┌─ DATA

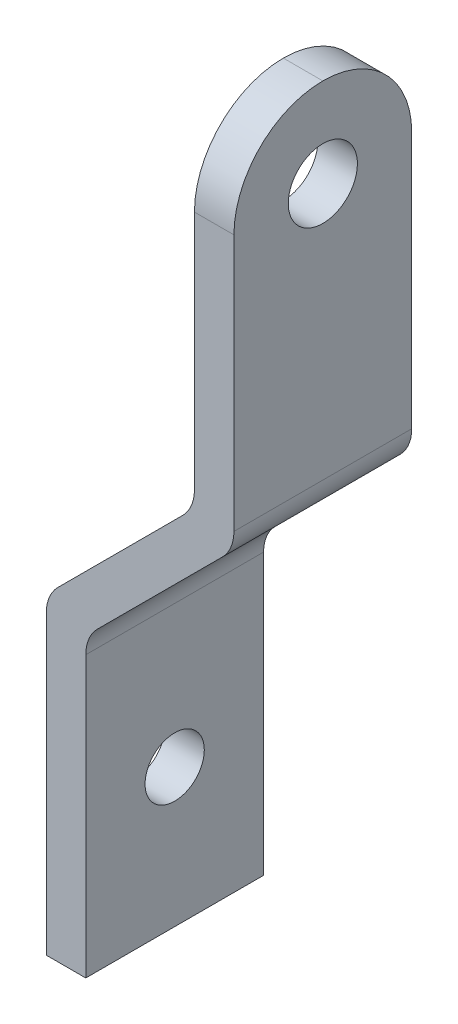
ISO-10303-21;
HEADER;
FILE_DESCRIPTION(('STEP AP214'),'2;1');
FILE_NAME('part.step','',(''),(''),'','','');
FILE_SCHEMA(('AUTOMOTIVE_DESIGN { 1 0 10303 214 1 1 1 1 }'));
ENDSEC;
DATA;
#1=APPLICATION_CONTEXT('core data for automotive mechanical design processes');
#2=APPLICATION_PROTOCOL_DEFINITION('international standard','automotive_design',2000,#1);
#3=PRODUCT_CONTEXT('',#1,'mechanical');
#4=PRODUCT('Part','Part','',(#3));
#5=PRODUCT_RELATED_PRODUCT_CATEGORY('part','',(#4));
#6=PRODUCT_DEFINITION_FORMATION('','',#4);
#7=PRODUCT_DEFINITION_CONTEXT('part definition',#1,'design');
#8=PRODUCT_DEFINITION('design','',#6,#7);
#9=PRODUCT_DEFINITION_SHAPE('','',#8);
#10=(LENGTH_UNIT() NAMED_UNIT(*) SI_UNIT(.MILLI.,.METRE.));
#11=(NAMED_UNIT(*) PLANE_ANGLE_UNIT() SI_UNIT($,.RADIAN.));
#12=(NAMED_UNIT(*) SI_UNIT($,.STERADIAN.) SOLID_ANGLE_UNIT());
#13=UNCERTAINTY_MEASURE_WITH_UNIT(LENGTH_MEASURE(1.E-05),#10,'distance_accuracy_value','');
#14=(GEOMETRIC_REPRESENTATION_CONTEXT(3) GLOBAL_UNCERTAINTY_ASSIGNED_CONTEXT((#13)) GLOBAL_UNIT_ASSIGNED_CONTEXT((#10,
#11,#12)) REPRESENTATION_CONTEXT('',''));
#15=CARTESIAN_POINT('',(0.,0.,0.));
#16=DIRECTION('',(0.,0.,1.));
#17=DIRECTION('',(1.,0.,0.));
#18=AXIS2_PLACEMENT_3D('',#15,#16,#17);
#19=CARTESIAN_POINT('',(0.,0.,11.43));
#20=DIRECTION('',(0.,1.,0.));
#21=DIRECTION('',(-1.,0.,0.));
#22=AXIS2_PLACEMENT_3D('',#19,#20,#21);
#23=PLANE('',#22);
#24=DIRECTION('',(1.,0.,0.));
#25=VECTOR('',#24,1.);
#26=CARTESIAN_POINT('',(0.,0.,0.));
#27=LINE('',#26,#25);
#28=CARTESIAN_POINT('',(0.,0.,0.));
#29=VERTEX_POINT('',#28);
#30=CARTESIAN_POINT('',(2.54,0.,0.));
#31=VERTEX_POINT('',#30);
#32=EDGE_CURVE('E161',#29,#31,#27,.T.);
#33=ORIENTED_EDGE('',*,*,#32,.T.);
#34=DIRECTION('',(0.,0.,-1.));
#35=VECTOR('',#34,1.);
#36=CARTESIAN_POINT('',(2.54,0.,11.43));
#37=LINE('',#36,#35);
#38=CARTESIAN_POINT('',(2.54,0.,11.43));
#39=VERTEX_POINT('',#38);
#40=EDGE_CURVE('E141',#39,#31,#37,.T.);
#41=ORIENTED_EDGE('',*,*,#40,.F.);
#42=DIRECTION('',(1.,0.,0.));
#43=VECTOR('',#42,1.);
#44=CARTESIAN_POINT('',(0.,0.,11.43));
#45=LINE('',#44,#43);
#46=CARTESIAN_POINT('',(0.,0.,11.43));
#47=VERTEX_POINT('',#46);
#48=EDGE_CURVE('E148',#47,#39,#45,.T.);
#49=ORIENTED_EDGE('',*,*,#48,.F.);
#50=DIRECTION('',(0.,0.,-1.));
#51=VECTOR('',#50,1.);
#52=CARTESIAN_POINT('',(0.,0.,11.43));
#53=LINE('',#52,#51);
#54=EDGE_CURVE('E164',#47,#29,#53,.T.);
#55=ORIENTED_EDGE('',*,*,#54,.T.);
#56=EDGE_LOOP('',(#33,#41,#49,#55));
#57=FACE_BOUND('',#56,.T.);
#58=ADVANCED_FACE('F39',(#57),#23,.F.);
#59=CARTESIAN_POINT('',(2.54,19.05,11.43));
#60=DIRECTION('',(-1.,0.,0.));
#61=DIRECTION('',(0.,-1.,0.));
#62=AXIS2_PLACEMENT_3D('',#59,#60,#61);
#63=PLANE('',#62);
#64=CARTESIAN_POINT('',(2.54,8.89,5.715));
#65=DIRECTION('',(-1.,0.,0.));
#66=DIRECTION('',(0.,-1.,0.));
#67=AXIS2_PLACEMENT_3D('',#64,#65,#66);
#68=CIRCLE('',#67,1.905);
#69=CARTESIAN_POINT('',(2.54,6.985,5.715));
#70=VERTEX_POINT('',#69);
#71=EDGE_CURVE('E199',#70,#70,#68,.T.);
#72=ORIENTED_EDGE('',*,*,#71,.T.);
#73=EDGE_LOOP('',(#72));
#74=FACE_BOUND('',#73,.T.);
#75=DIRECTION('',(0.,1.,0.));
#76=VECTOR('',#75,1.);
#77=CARTESIAN_POINT('',(2.54,19.05,0.));
#78=LINE('',#77,#76);
#79=CARTESIAN_POINT('',(2.54,17.9978975515723,0.));
#80=VERTEX_POINT('',#79);
#81=EDGE_CURVE('E284',#31,#80,#78,.T.);
#82=ORIENTED_EDGE('',*,*,#81,.T.);
#83=DIRECTION('',(0.,0.,-1.));
#84=VECTOR('',#83,1.);
#85=CARTESIAN_POINT('',(2.54,17.9978975515723,11.43));
#86=LINE('',#85,#84);
#87=CARTESIAN_POINT('',(2.54,17.9978975515723,11.43));
#88=VERTEX_POINT('',#87);
#89=EDGE_CURVE('E144',#80,#88,#86,.F.);
#90=ORIENTED_EDGE('',*,*,#89,.T.);
#91=DIRECTION('',(0.,1.,0.));
#92=VECTOR('',#91,1.);
#93=CARTESIAN_POINT('',(2.54,19.05,11.43));
#94=LINE('',#93,#92);
#95=EDGE_CURVE('E136',#39,#88,#94,.T.);
#96=ORIENTED_EDGE('',*,*,#95,.F.);
#97=ORIENTED_EDGE('',*,*,#40,.T.);
#98=EDGE_LOOP('',(#82,#90,#96,#97));
#99=FACE_BOUND('',#98,.T.);
#100=ADVANCED_FACE('F139',(#74,#99),#63,.F.);
#101=CARTESIAN_POINT('',(12.065,28.575,11.43));
#102=DIRECTION('',(-0.707106781186546,0.707106781186549,0.));
#103=DIRECTION('',(-0.707106781186549,-0.707106781186546,0.));
#104=AXIS2_PLACEMENT_3D('',#101,#102,#103);
#105=PLANE('',#104);
#106=DIRECTION('',(0.707106781186549,0.707106781186546,0.));
#107=VECTOR('',#106,1.);
#108=CARTESIAN_POINT('',(12.065,28.575,11.43));
#109=LINE('',#108,#107);
#110=CARTESIAN_POINT('',(3.28394877578617,19.7939487757862,11.43));
#111=VERTEX_POINT('',#110);
#112=CARTESIAN_POINT('',(11.3210512242138,27.8310512242138,11.43));
#113=VERTEX_POINT('',#112);
#114=EDGE_CURVE('E147',#111,#113,#109,.T.);
#115=ORIENTED_EDGE('',*,*,#114,.F.);
#116=DIRECTION('',(0.,0.,-1.));
#117=VECTOR('',#116,1.);
#118=CARTESIAN_POINT('',(3.28394877578617,19.7939487757862,0.));
#119=LINE('',#118,#117);
#120=CARTESIAN_POINT('',(3.28394877578617,19.7939487757862,0.));
#121=VERTEX_POINT('',#120);
#122=EDGE_CURVE('E206',#111,#121,#119,.T.);
#123=ORIENTED_EDGE('',*,*,#122,.T.);
#124=DIRECTION('',(0.707106781186549,0.707106781186546,0.));
#125=VECTOR('',#124,1.);
#126=CARTESIAN_POINT('',(12.065,28.575,0.));
#127=LINE('',#126,#125);
#128=CARTESIAN_POINT('',(11.3210512242138,27.8310512242138,0.));
#129=VERTEX_POINT('',#128);
#130=EDGE_CURVE('E287',#121,#129,#127,.T.);
#131=ORIENTED_EDGE('',*,*,#130,.T.);
#132=DIRECTION('',(0.,0.,-1.));
#133=VECTOR('',#132,1.);
#134=CARTESIAN_POINT('',(11.3210512242138,27.8310512242138,11.43));
#135=LINE('',#134,#133);
#136=EDGE_CURVE('E189',#129,#113,#135,.F.);
#137=ORIENTED_EDGE('',*,*,#136,.T.);
#138=EDGE_LOOP('',(#115,#123,#131,#137));
#139=FACE_BOUND('',#138,.T.);
#140=ADVANCED_FACE('F305',(#139),#105,.F.);
#141=CARTESIAN_POINT('',(12.065,51.8521024484276,11.43));
#142=DIRECTION('',(-1.,0.,0.));
#143=DIRECTION('',(0.,-1.,0.));
#144=AXIS2_PLACEMENT_3D('',#141,#142,#143);
#145=PLANE('',#144);
#146=CARTESIAN_POINT('',(12.065,46.1371024484276,5.715));
#147=DIRECTION('',(1.,0.,0.));
#148=DIRECTION('',(0.,1.,0.));
#149=AXIS2_PLACEMENT_3D('',#146,#147,#148);
#150=CIRCLE('',#149,2.2225);
#151=CARTESIAN_POINT('',(12.065,48.3596024484276,5.715));
#152=VERTEX_POINT('',#151);
#153=EDGE_CURVE('E200',#152,#152,#150,.T.);
#154=ORIENTED_EDGE('',*,*,#153,.F.);
#155=EDGE_LOOP('',(#154));
#156=FACE_BOUND('',#155,.T.);
#157=DIRECTION('',(0.,1.,0.));
#158=VECTOR('',#157,1.);
#159=CARTESIAN_POINT('',(12.065,51.8521024484276,11.43));
#160=LINE('',#159,#158);
#161=CARTESIAN_POINT('',(12.065,29.6271024484276,11.43));
#162=VERTEX_POINT('',#161);
#163=CARTESIAN_POINT('',(12.065,46.1371024484276,11.43));
#164=VERTEX_POINT('',#163);
#165=EDGE_CURVE('E278',#162,#164,#160,.T.);
#166=ORIENTED_EDGE('',*,*,#165,.F.);
#167=DIRECTION('',(0.,0.,-1.));
#168=VECTOR('',#167,1.);
#169=CARTESIAN_POINT('',(12.065,29.6271024484276,11.43));
#170=LINE('',#169,#168);
#171=CARTESIAN_POINT('',(12.065,29.6271024484276,0.));
#172=VERTEX_POINT('',#171);
#173=EDGE_CURVE('E222',#162,#172,#170,.T.);
#174=ORIENTED_EDGE('',*,*,#173,.T.);
#175=DIRECTION('',(0.,1.,0.));
#176=VECTOR('',#175,1.);
#177=CARTESIAN_POINT('',(12.065,51.8521024484276,0.));
#178=LINE('',#177,#176);
#179=CARTESIAN_POINT('',(12.065,46.1371024484276,0.));
#180=VERTEX_POINT('',#179);
#181=EDGE_CURVE('E264',#172,#180,#178,.T.);
#182=ORIENTED_EDGE('',*,*,#181,.T.);
#183=CARTESIAN_POINT('',(12.065,46.1371024484276,5.715));
#184=DIRECTION('',(-1.,0.,0.));
#185=DIRECTION('',(0.,-1.,0.));
#186=AXIS2_PLACEMENT_3D('',#183,#184,#185);
#187=CIRCLE('',#186,5.715);
#188=CARTESIAN_POINT('',(12.065,51.8521024484276,5.715));
#189=VERTEX_POINT('',#188);
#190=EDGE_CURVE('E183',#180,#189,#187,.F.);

└─

Look through the entries, and return every line that the word "mechanical" appears in.

#1=APPLICATION_CONTEXT('core data for automotive mechanical design processes');
#3=PRODUCT_CONTEXT('',#1,'mechanical');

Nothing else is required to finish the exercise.